**Work to be completed**: Scan the records beneath this line for the line holding "Constant24 : Constant" and the line holding "Constant8 : Constant", then transcribe exactly those two and all lines between.
--
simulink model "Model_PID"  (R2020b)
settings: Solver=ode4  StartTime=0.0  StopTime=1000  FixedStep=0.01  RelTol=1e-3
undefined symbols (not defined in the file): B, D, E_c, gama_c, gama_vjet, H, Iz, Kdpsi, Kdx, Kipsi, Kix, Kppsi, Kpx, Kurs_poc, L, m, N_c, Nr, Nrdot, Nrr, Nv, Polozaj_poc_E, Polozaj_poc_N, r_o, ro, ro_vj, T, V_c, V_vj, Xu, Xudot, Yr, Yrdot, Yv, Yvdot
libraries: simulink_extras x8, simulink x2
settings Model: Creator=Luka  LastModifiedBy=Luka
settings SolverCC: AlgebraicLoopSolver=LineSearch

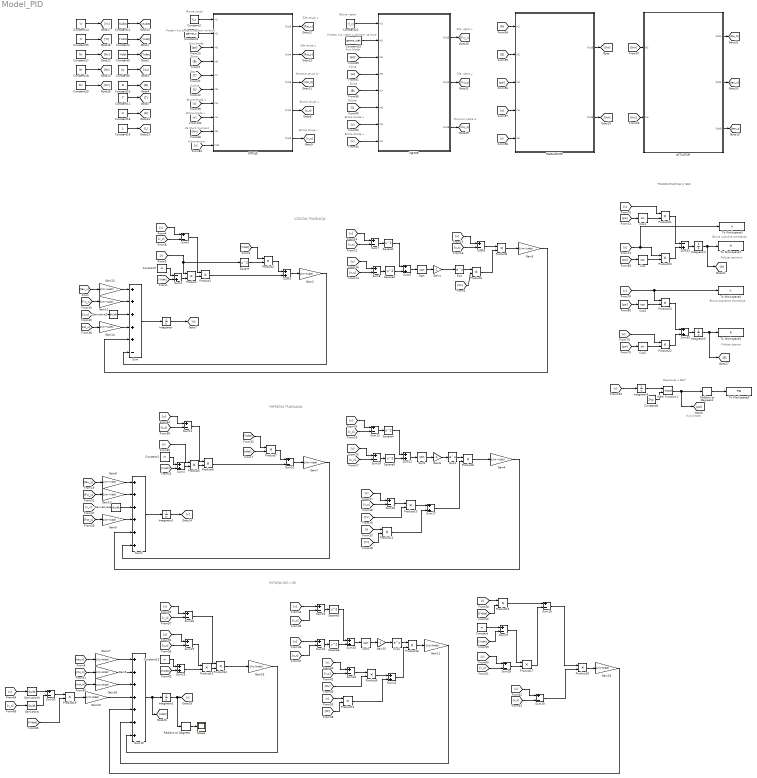
== system Model_PID ==
  note: Brzina struje v
  note: Brzina struje u
  note: Kutna brzina
  note: UZDUŽNA TRANSLACIJA
  note: POPREČNA TRANSLACIJA
  note: ROTACIJA OKO z OSI
  note: TRANSFORAMCIJA U NED
  note: Položaj istočno
  note: Položaj sjeverno
  note: Brzina uzdužna translacija
  note: Brzina poprečna translacija
  note: Visina
  note: Sila vjetra x
  note: Brzina vjetra
  note: Sila vjetra y
  note: Moment vjetra N
  note: Duljina
  note: Širina
  note: Pocetni kut vjetra s obzirom na brod
  note: Kurs broda
  note: Brzina broda u
  note: Brzina broda v
  note: Sila struje y
  note: Gaz
  note: Brzina struje
  note: Pocetni kut struje s obzirom na brod
  note: Sila struje x
  note: Duljina
  note: Kurs broda
  note: Moment struje N
  note: Širina
  note: Za Munk moment
  note: Brzina broda v
  note: Brzina broda u
  note: Mapiranje u 360°
  note: Kurs broda
  AKTUATOR : Subsystem
  Constant{,1,7,13} (4 alike) : Constant  Value=m
  Constant10 : Constant  Value=B
  Constant11 : Constant  Value=T
  Constant12 : Constant  Value=Xudot
  Constant14 : Constant  Value=Yv
  Constant15 : Constant  Value=Yr
  Constant16 : Constant  Value=H
  Constant17 : Constant  Value=Nv
  Constant18 : Constant  Value=Nr
  Constant19 : Constant  Value=L
  Constant2 : Constant  Value=V_c
  Constant20 : Constant  Value=Nrr
  Constant24 : Constant  Value=V_vj
  Constant25 : Constant  Value=gama_vjet
  Constant3 : Constant  Value=gama_c
  Constant4 : Constant  Value=Yvdot
  Constant5 : Constant  Value=Yrdot
  Constant6 : Constant  Value=Xu
  Constant8 : Constant  Value=2*pi
  Cos : Trigonometry  Operator=cos
  Cos1 : Trigonometry
  Cos2 : Trigonometry
  Cos3 : Trigonometry  Operator=cos
  Derivative{,1..3} (4 alike) : Derivative
  Exp : Math  SaturateOnIntegerOverflow=on
  Exp1 : Math  SaturateOnIntegerOverflow=on
  Exp2 : Math  SaturateOnIntegerOverflow=on
  Gain1 : Gain  Gain=-1
  Gain{4,7..10} (5 alike) : Gain  Gain=1/(m-Yvdot)
  Gain{5,11,16..20} (7 alike) : Gain  Gain=1/(Iz-Nrdot)
  Gain{2..3,12..14} (5 alike) : Gain  Gain=1/(m-Xudot)
  Gain15 : Gain  Gain=-1
  Gain6 : Gain  Gain=-1
  Integrator : Integrator
  Integrator1 : Integrator
  Integrator2 : Integrator
  Integrator4 : Integrator  InitialCondition=Polozaj_poc_N
  Integrator5 : Integrator  InitialCondition=Polozaj_poc_E
  Integrator6 : Integrator  InitialCondition=Kurs_poc
  Math Function1 : Math  Operator=mod  SaturateOnIntegerOverflow=on
  Product{,1..23} (24 alike) : Product
  REGULATOR : Subsystem
  Radians to Degrees : simulink_extras/Transformations/Radians to Degrees
  Radians to Degrees1 : simulink_extras/Transformations/Radians to Degrees
  STRUJE : Subsystem
  Scope : Scope
  Sqrt : Sqrt  SaturateOnIntegerOverflow=on
  Sqrt1 : Sqrt  SaturateOnIntegerOverflow=on
  Sqrt2 : Sqrt  SaturateOnIntegerOverflow=on
  Square{,1..6} (7 alike) : Math  Operator=square  SaturateOnIntegerOverflow=on
  Sum : Sum  Inputs=+++++-
  Sum1 : Sum  Inputs=++++++
  Sum{5,7..11,13..14,16,18..19,21..23,26..30} (19 alike) : Sum  Inputs=+-
  Sum{3..4,6,12,17,20,24..25,35} (9 alike) : Sum
  Sum15 : Sum  Inputs=+++++++
  Sum2 : Sum  Inputs=-+
  Sum32 : Sum  Inputs=-+
  To Workspace1 : ToWorkspace  VariableName=N  SaveFormat=Timeseries  SampleTime=-1
  To Workspace2 : ToWorkspace  VariableName=E  SaveFormat=Timeseries  SampleTime=-1
  To Workspace3 : ToWorkspace  VariableName=U  SaveFormat=Timeseries  SampleTime=-1
  To Workspace4 : ToWorkspace  VariableName=V  SaveFormat=Timeseries  SampleTime=-1
  To Workspace5 : ToWorkspace  VariableName=PSI  SaveFormat=Timeseries  SampleTime=-1
  VJETAR : Subsystem
  wires:
  Sum/1 -> Integrator/1
  Constant4/1 -> [Yvdot]
  Constant5/1 -> [Yrdot]
  Constant6/1 -> [Xu]
  Constant7/1 -> Sum2/1
  Sum2/1 -> Product/2
  [r] -> Square/1, Product/1
  [Yvdot] -> Sum2/2
  Constant10/1 -> [B]
  Constant11/1 -> [T]
  Product/1 -> Product1/2
  Product1/1 -> Sum3/2
  Square/1 -> Product2/2
  [Yrdot] -> Product2/1
  Product2/1 -> Sum3/1
  [v] -> Sum5/1
  [v_c] -> Sum5/2
  Sum5/1 -> Product1/1
  [v] -> Sum7/1
  [v_c] -> Sum7/2
  Sum7/1 -> Square1/1
  [u_c] -> Sum8/2
  [u] -> Sum8/1
  Sum8/1 -> Square2/1
  Square2/1 -> Sum6/2
  Square1/1 -> Sum6/1
  Sum6/1 -> Sqrt/1
  Exp/1 -> Product3/1
  [Xu] -> Product3/2
  [u_c] -> Sum9/2
  [u] -> Sum9/1
  Product3/1 -> Product4/2
  Gain2/1 -> Sum/6
  Derivative1/1 -> Sum1/3
  [Fst_y] -> Gain9/1
  Gain7/1 -> Sum1/6
  Gain6/1 -> Exp1/1
  Sqrt1/1 -> Gain6/1
  [u] -> Sum11/1
  Product6/1 -> Sum10/2
  [v] -> Sum13/1
  Gain10/1 -> Sum1/2
  [u_c] -> Sum11/2
  Square5/1 -> Sum12/2
  Sum10/1 -> Gain7/1
  Product5/1 -> Product6/2
  [v_c] -> Derivative1/1
  [u_c] -> Sum14/2
  Sum13/1 -> Square4/1
  [u] -> Sum14/1
  Exp1/1 -> Product8/1
  [r] -> Product5/1
  Sum12/1 -> Sqrt1/1
  Sum14/1 -> Square5/1
  [Yrdot] -> Product7/1
  Sum1/1 -> Integrator1/1
  [v_c] -> Sum13/2
  [Fvj_y] -> Gain10/1
  Sum11/1 -> Product6/1
  Product7/1 -> Sum10/1
  Gain8/1 -> Sum1/1
  Integrator1/1 -> [v]
  Square4/1 -> Sum12/1
  [Xudot] -> Sum4/2
  Constant1/1 -> Sum4/1
  Sum4/1 -> Product5/2
  Product8/1 -> Gain4/1
  Product4/1 -> Gain3/1
  Derivative2/1 -> Sum/3
  [Fst_x] -> Gain14/1
  Gain12/1 -> Sum/2
  [Fvj_x] -> Gain12/1
  [tau_x] -> Gain13/1
  [u_c] -> Derivative2/1
  Sum3/1 -> Gain2/1
  Constant12/1 -> [Xudot]
  [rdot] -> Product7/2
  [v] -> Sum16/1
--
**Result**:
  Constant24 : Constant  Value=V_vj
  Constant25 : Constant  Value=gama_vjet
  Constant3 : Constant  Value=gama_c
  Constant4 : Constant  Value=Yvdot
  Constant5 : Constant  Value=Yrdot
  Constant6 : Constant  Value=Xu
  Constant8 : Constant  Value=2*pi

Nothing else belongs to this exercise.